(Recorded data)
====================

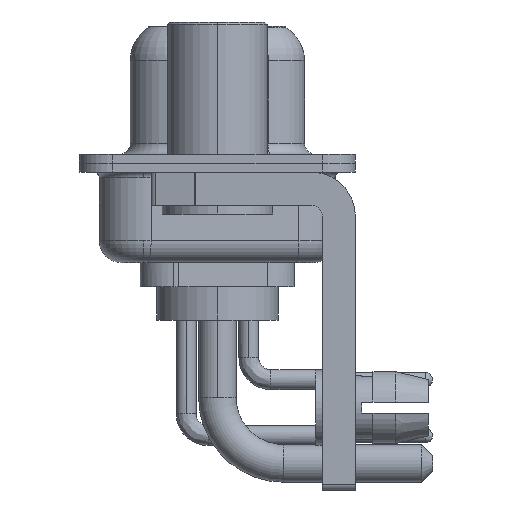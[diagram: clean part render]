
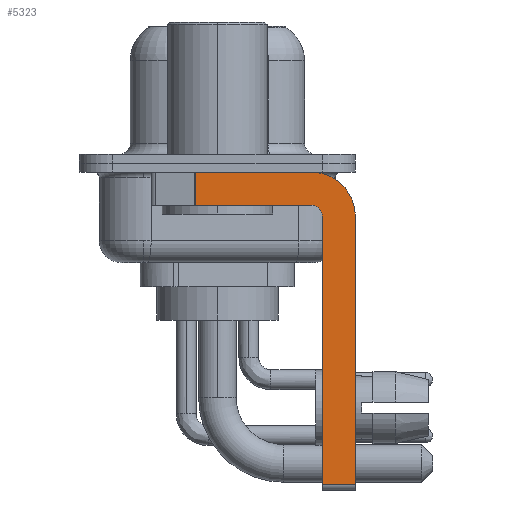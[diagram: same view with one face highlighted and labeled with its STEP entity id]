
A CAD part, left-side view. The second image highlights one B-rep face of the part: STEP entity #5323.
In plain terms, the highlighted planar face has unit normal (-1, 0, 0).
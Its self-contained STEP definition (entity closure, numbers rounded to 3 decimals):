
#50 = DIRECTION ( 'NONE',  ( 0., 0., -1. ) ) ;
#86 = DIRECTION ( 'NONE',  ( 0., -1., 0. ) ) ;
#524 = VECTOR ( 'NONE', #7966, 1000. ) ;
#581 = CIRCLE ( 'NONE', #19039, 2. ) ;
#875 = VERTEX_POINT ( 'NONE', #17276 ) ;
#881 = VECTOR ( 'NONE', #86, 1000. ) ;
#932 = CARTESIAN_POINT ( 'NONE',  ( -2.9, -6.25, -2.4 ) ) ;
#1106 = CARTESIAN_POINT ( 'NONE',  ( -2.9, 0.978, -1.9 ) ) ;
#1599 = DIRECTION ( 'NONE',  ( 1., 0., 0. ) ) ;
#1683 = CARTESIAN_POINT ( 'NONE',  ( -2.9, -6.25, -2.4 ) ) ;
#1895 = LINE ( 'NONE', #1683, #524 ) ;
#1921 = EDGE_CURVE ( 'NONE', #14123, #11239, #2305, .T. ) ;
#2141 = ORIENTED_EDGE ( 'NONE', *, *, #11509, .F. ) ;
#2166 = LINE ( 'NONE', #14691, #14821 ) ;
#2305 = LINE ( 'NONE', #11605, #10725 ) ;
#2504 = EDGE_CURVE ( 'NONE', #19443, #13865, #581, .T. ) ;
#2798 = DIRECTION ( 'NONE',  ( -1., 0., 0. ) ) ;
#2925 = EDGE_CURVE ( 'NONE', #18900, #11239, #15384, .T. ) ;
#3739 = ORIENTED_EDGE ( 'NONE', *, *, #15681, .T. ) ;
#3952 = EDGE_CURVE ( 'NONE', #7478, #14123, #11254, .T. ) ;
#4372 = ORIENTED_EDGE ( 'NONE', *, *, #1921, .F. ) ;
#4523 = CARTESIAN_POINT ( 'NONE',  ( -2.9, 3., -0.4 ) ) ;
#4921 = CARTESIAN_POINT ( 'NONE',  ( -2.9, -4.75, -2.4 ) ) ;
#5323 = ADVANCED_FACE ( 'NONE', ( #16087 ), #11407, .F. ) ;
#5394 = VERTEX_POINT ( 'NONE', #18951 ) ;
#5784 = CARTESIAN_POINT ( 'NONE',  ( -2.9, 0.978, -1.9 ) ) ;
#6405 = CARTESIAN_POINT ( 'NONE',  ( -2.9, 0.978, -0.4 ) ) ;
#7084 = ORIENTED_EDGE ( 'NONE', *, *, #3952, .F. ) ;
#7478 = VERTEX_POINT ( 'NONE', #4921 ) ;
#7513 = DIRECTION ( 'NONE',  ( 1., 0., 0. ) ) ;
#7622 = CARTESIAN_POINT ( 'NONE',  ( -2.9, -4.25, -2.4 ) ) ;
#7966 = DIRECTION ( 'NONE',  ( 0., 0., -1. ) ) ;
#8450 = DIRECTION ( 'NONE',  ( 0., -1., 0. ) ) ;
#8582 = DIRECTION ( 'NONE',  ( 0., 1., 0. ) ) ;
#8698 = CARTESIAN_POINT ( 'NONE',  ( -2.9, -4.75, -14.8 ) ) ;
#9087 = ORIENTED_EDGE ( 'NONE', *, *, #2925, .T. ) ;
#9378 = ORIENTED_EDGE ( 'NONE', *, *, #13219, .F. ) ;
#10725 = VECTOR ( 'NONE', #8582, 1000. ) ;
#11032 = CARTESIAN_POINT ( 'NONE',  ( -2.9, -4.25, -1.9 ) ) ;
#11239 = VERTEX_POINT ( 'NONE', #5784 ) ;
#11254 = CIRCLE ( 'NONE', #19175, 0.5 ) ;
#11407 = PLANE ( 'NONE',  #16032 ) ;
#11459 = CARTESIAN_POINT ( 'NONE',  ( -2.9, -4.25, -0.4 ) ) ;
#11509 = EDGE_CURVE ( 'NONE', #875, #7478, #16491, .T. ) ;
#11605 = CARTESIAN_POINT ( 'NONE',  ( -2.9, -4.25, -1.9 ) ) ;
#13219 = EDGE_CURVE ( 'NONE', #13865, #5394, #1895, .T. ) ;
#13410 = DIRECTION ( 'NONE',  ( 0., 0., -1. ) ) ;
#13865 = VERTEX_POINT ( 'NONE', #932 ) ;
#14003 = EDGE_CURVE ( 'NONE', #18900, #19443, #18686, .T. ) ;
#14123 = VERTEX_POINT ( 'NONE', #11032 ) ;
#14141 = VECTOR ( 'NONE', #13410, 1000. ) ;
#14691 = CARTESIAN_POINT ( 'NONE',  ( -2.9, -4.25, -14.55 ) ) ;
#14821 = VECTOR ( 'NONE', #8450, 1000. ) ;
#14935 = DIRECTION ( 'NONE',  ( 0., 0., 1. ) ) ;
#15105 = DIRECTION ( 'NONE',  ( 0., 0., -1. ) ) ;
#15384 = LINE ( 'NONE', #1106, #14141 ) ;
#15543 = ORIENTED_EDGE ( 'NONE', *, *, #2504, .F. ) ;
#15681 = EDGE_CURVE ( 'NONE', #875, #5394, #2166, .T. ) ;
#15863 = ORIENTED_EDGE ( 'NONE', *, *, #14003, .F. ) ;
#16032 = AXIS2_PLACEMENT_3D ( 'NONE', #17737, #1599, #50 ) ;
#16087 = FACE_OUTER_BOUND ( 'NONE', #16352, .T. ) ;
#16352 = EDGE_LOOP ( 'NONE', ( #15863, #9087, #4372, #7084, #2141, #3739, #9378, #15543 ) ) ;
#16491 = LINE ( 'NONE', #8698, #18931 ) ;
#16648 = CARTESIAN_POINT ( 'NONE',  ( -2.9, -4.25, -2.4 ) ) ;
#17067 = DIRECTION ( 'NONE',  ( 0., 0., 1. ) ) ;
#17276 = CARTESIAN_POINT ( 'NONE',  ( -2.9, -4.75, -14.55 ) ) ;
#17737 = CARTESIAN_POINT ( 'NONE',  ( -2.9, -4.25, -2.4 ) ) ;
#18686 = LINE ( 'NONE', #4523, #881 ) ;
#18900 = VERTEX_POINT ( 'NONE', #6405 ) ;
#18931 = VECTOR ( 'NONE', #14935, 1000. ) ;
#18951 = CARTESIAN_POINT ( 'NONE',  ( -2.9, -6.25, -14.55 ) ) ;
#19039 = AXIS2_PLACEMENT_3D ( 'NONE', #16648, #7513, #15105 ) ;
#19175 = AXIS2_PLACEMENT_3D ( 'NONE', #7622, #2798, #17067 ) ;
#19443 = VERTEX_POINT ( 'NONE', #11459 ) ;

====================

» BRIEF
Copy all records exactly; omit images.

» RESULT OF THE EXERCISE
[diagram: clean part render]
[diagram: same view with one face highlighted and labeled with its STEP entity id]
A CAD part, left-side view. The second image highlights one B-rep face of the part: STEP entity #5323.
In plain terms, the highlighted planar face has unit normal (-1, 0, 0).
Its self-contained STEP definition (entity closure, numbers rounded to 3 decimals):
#50 = DIRECTION ( 'NONE',  ( 0., 0., -1. ) ) ;
#86 = DIRECTION ( 'NONE',  ( 0., -1., 0. ) ) ;
#524 = VECTOR ( 'NONE', #7966, 1000. ) ;
#581 = CIRCLE ( 'NONE', #19039, 2. ) ;
#875 = VERTEX_POINT ( 'NONE', #17276 ) ;
#881 = VECTOR ( 'NONE', #86, 1000. ) ;
#932 = CARTESIAN_POINT ( 'NONE',  ( -2.9, -6.25, -2.4 ) ) ;
#1106 = CARTESIAN_POINT ( 'NONE',  ( -2.9, 0.978, -1.9 ) ) ;
#1599 = DIRECTION ( 'NONE',  ( 1., 0., 0. ) ) ;
#1683 = CARTESIAN_POINT ( 'NONE',  ( -2.9, -6.25, -2.4 ) ) ;
#1895 = LINE ( 'NONE', #1683, #524 ) ;
#1921 = EDGE_CURVE ( 'NONE', #14123, #11239, #2305, .T. ) ;
#2141 = ORIENTED_EDGE ( 'NONE', *, *, #11509, .F. ) ;
#2166 = LINE ( 'NONE', #14691, #14821 ) ;
#2305 = LINE ( 'NONE', #11605, #10725 ) ;
#2504 = EDGE_CURVE ( 'NONE', #19443, #13865, #581, .T. ) ;
#2798 = DIRECTION ( 'NONE',  ( -1., 0., 0. ) ) ;
#2925 = EDGE_CURVE ( 'NONE', #18900, #11239, #15384, .T. ) ;
#3739 = ORIENTED_EDGE ( 'NONE', *, *, #15681, .T. ) ;
#3952 = EDGE_CURVE ( 'NONE', #7478, #14123, #11254, .T. ) ;
#4372 = ORIENTED_EDGE ( 'NONE', *, *, #1921, .F. ) ;
#4523 = CARTESIAN_POINT ( 'NONE',  ( -2.9, 3., -0.4 ) ) ;
#4921 = CARTESIAN_POINT ( 'NONE',  ( -2.9, -4.75, -2.4 ) ) ;
#5323 = ADVANCED_FACE ( 'NONE', ( #16087 ), #11407, .F. ) ;
#5394 = VERTEX_POINT ( 'NONE', #18951 ) ;
#5784 = CARTESIAN_POINT ( 'NONE',  ( -2.9, 0.978, -1.9 ) ) ;
#6405 = CARTESIAN_POINT ( 'NONE',  ( -2.9, 0.978, -0.4 ) ) ;
#7084 = ORIENTED_EDGE ( 'NONE', *, *, #3952, .F. ) ;
#7478 = VERTEX_POINT ( 'NONE', #4921 ) ;
#7513 = DIRECTION ( 'NONE',  ( 1., 0., 0. ) ) ;
#7622 = CARTESIAN_POINT ( 'NONE',  ( -2.9, -4.25, -2.4 ) ) ;
#7966 = DIRECTION ( 'NONE',  ( 0., 0., -1. ) ) ;
#8450 = DIRECTION ( 'NONE',  ( 0., -1., 0. ) ) ;
#8582 = DIRECTION ( 'NONE',  ( 0., 1., 0. ) ) ;
#8698 = CARTESIAN_POINT ( 'NONE',  ( -2.9, -4.75, -14.8 ) ) ;
#9087 = ORIENTED_EDGE ( 'NONE', *, *, #2925, .T. ) ;
#9378 = ORIENTED_EDGE ( 'NONE', *, *, #13219, .F. ) ;
#10725 = VECTOR ( 'NONE', #8582, 1000. ) ;
#11032 = CARTESIAN_POINT ( 'NONE',  ( -2.9, -4.25, -1.9 ) ) ;
#11239 = VERTEX_POINT ( 'NONE', #5784 ) ;
#11254 = CIRCLE ( 'NONE', #19175, 0.5 ) ;
#11407 = PLANE ( 'NONE',  #16032 ) ;
#11459 = CARTESIAN_POINT ( 'NONE',  ( -2.9, -4.25, -0.4 ) ) ;
#11509 = EDGE_CURVE ( 'NONE', #875, #7478, #16491, .T. ) ;
#11605 = CARTESIAN_POINT ( 'NONE',  ( -2.9, -4.25, -1.9 ) ) ;
#13219 = EDGE_CURVE ( 'NONE', #13865, #5394, #1895, .T. ) ;
#13410 = DIRECTION ( 'NONE',  ( 0., 0., -1. ) ) ;
#13865 = VERTEX_POINT ( 'NONE', #932 ) ;
#14003 = EDGE_CURVE ( 'NONE', #18900, #19443, #18686, .T. ) ;
#14123 = VERTEX_POINT ( 'NONE', #11032 ) ;
#14141 = VECTOR ( 'NONE', #13410, 1000. ) ;
#14691 = CARTESIAN_POINT ( 'NONE',  ( -2.9, -4.25, -14.55 ) ) ;
#14821 = VECTOR ( 'NONE', #8450, 1000. ) ;
#14935 = DIRECTION ( 'NONE',  ( 0., 0., 1. ) ) ;
#15105 = DIRECTION ( 'NONE',  ( 0., 0., -1. ) ) ;
#15384 = LINE ( 'NONE', #1106, #14141 ) ;
#15543 = ORIENTED_EDGE ( 'NONE', *, *, #2504, .F. ) ;
#15681 = EDGE_CURVE ( 'NONE', #875, #5394, #2166, .T. ) ;
#15863 = ORIENTED_EDGE ( 'NONE', *, *, #14003, .F. ) ;
#16032 = AXIS2_PLACEMENT_3D ( 'NONE', #17737, #1599, #50 ) ;
#16087 = FACE_OUTER_BOUND ( 'NONE', #16352, .T. ) ;
#16352 = EDGE_LOOP ( 'NONE', ( #15863, #9087, #4372, #7084, #2141, #3739, #9378, #15543 ) ) ;
#16491 = LINE ( 'NONE', #8698, #18931 ) ;
#16648 = CARTESIAN_POINT ( 'NONE',  ( -2.9, -4.25, -2.4 ) ) ;
#17067 = DIRECTION ( 'NONE',  ( 0., 0., 1. ) ) ;
#17276 = CARTESIAN_POINT ( 'NONE',  ( -2.9, -4.75, -14.55 ) ) ;
#17737 = CARTESIAN_POINT ( 'NONE',  ( -2.9, -4.25, -2.4 ) ) ;
#18686 = LINE ( 'NONE', #4523, #881 ) ;
#18900 = VERTEX_POINT ( 'NONE', #6405 ) ;
#18931 = VECTOR ( 'NONE', #14935, 1000. ) ;
#18951 = CARTESIAN_POINT ( 'NONE',  ( -2.9, -6.25, -14.55 ) ) ;
#19039 = AXIS2_PLACEMENT_3D ( 'NONE', #16648, #7513, #15105 ) ;
#19175 = AXIS2_PLACEMENT_3D ( 'NONE', #7622, #2798, #17067 ) ;
#19443 = VERTEX_POINT ( 'NONE', #11459 ) ;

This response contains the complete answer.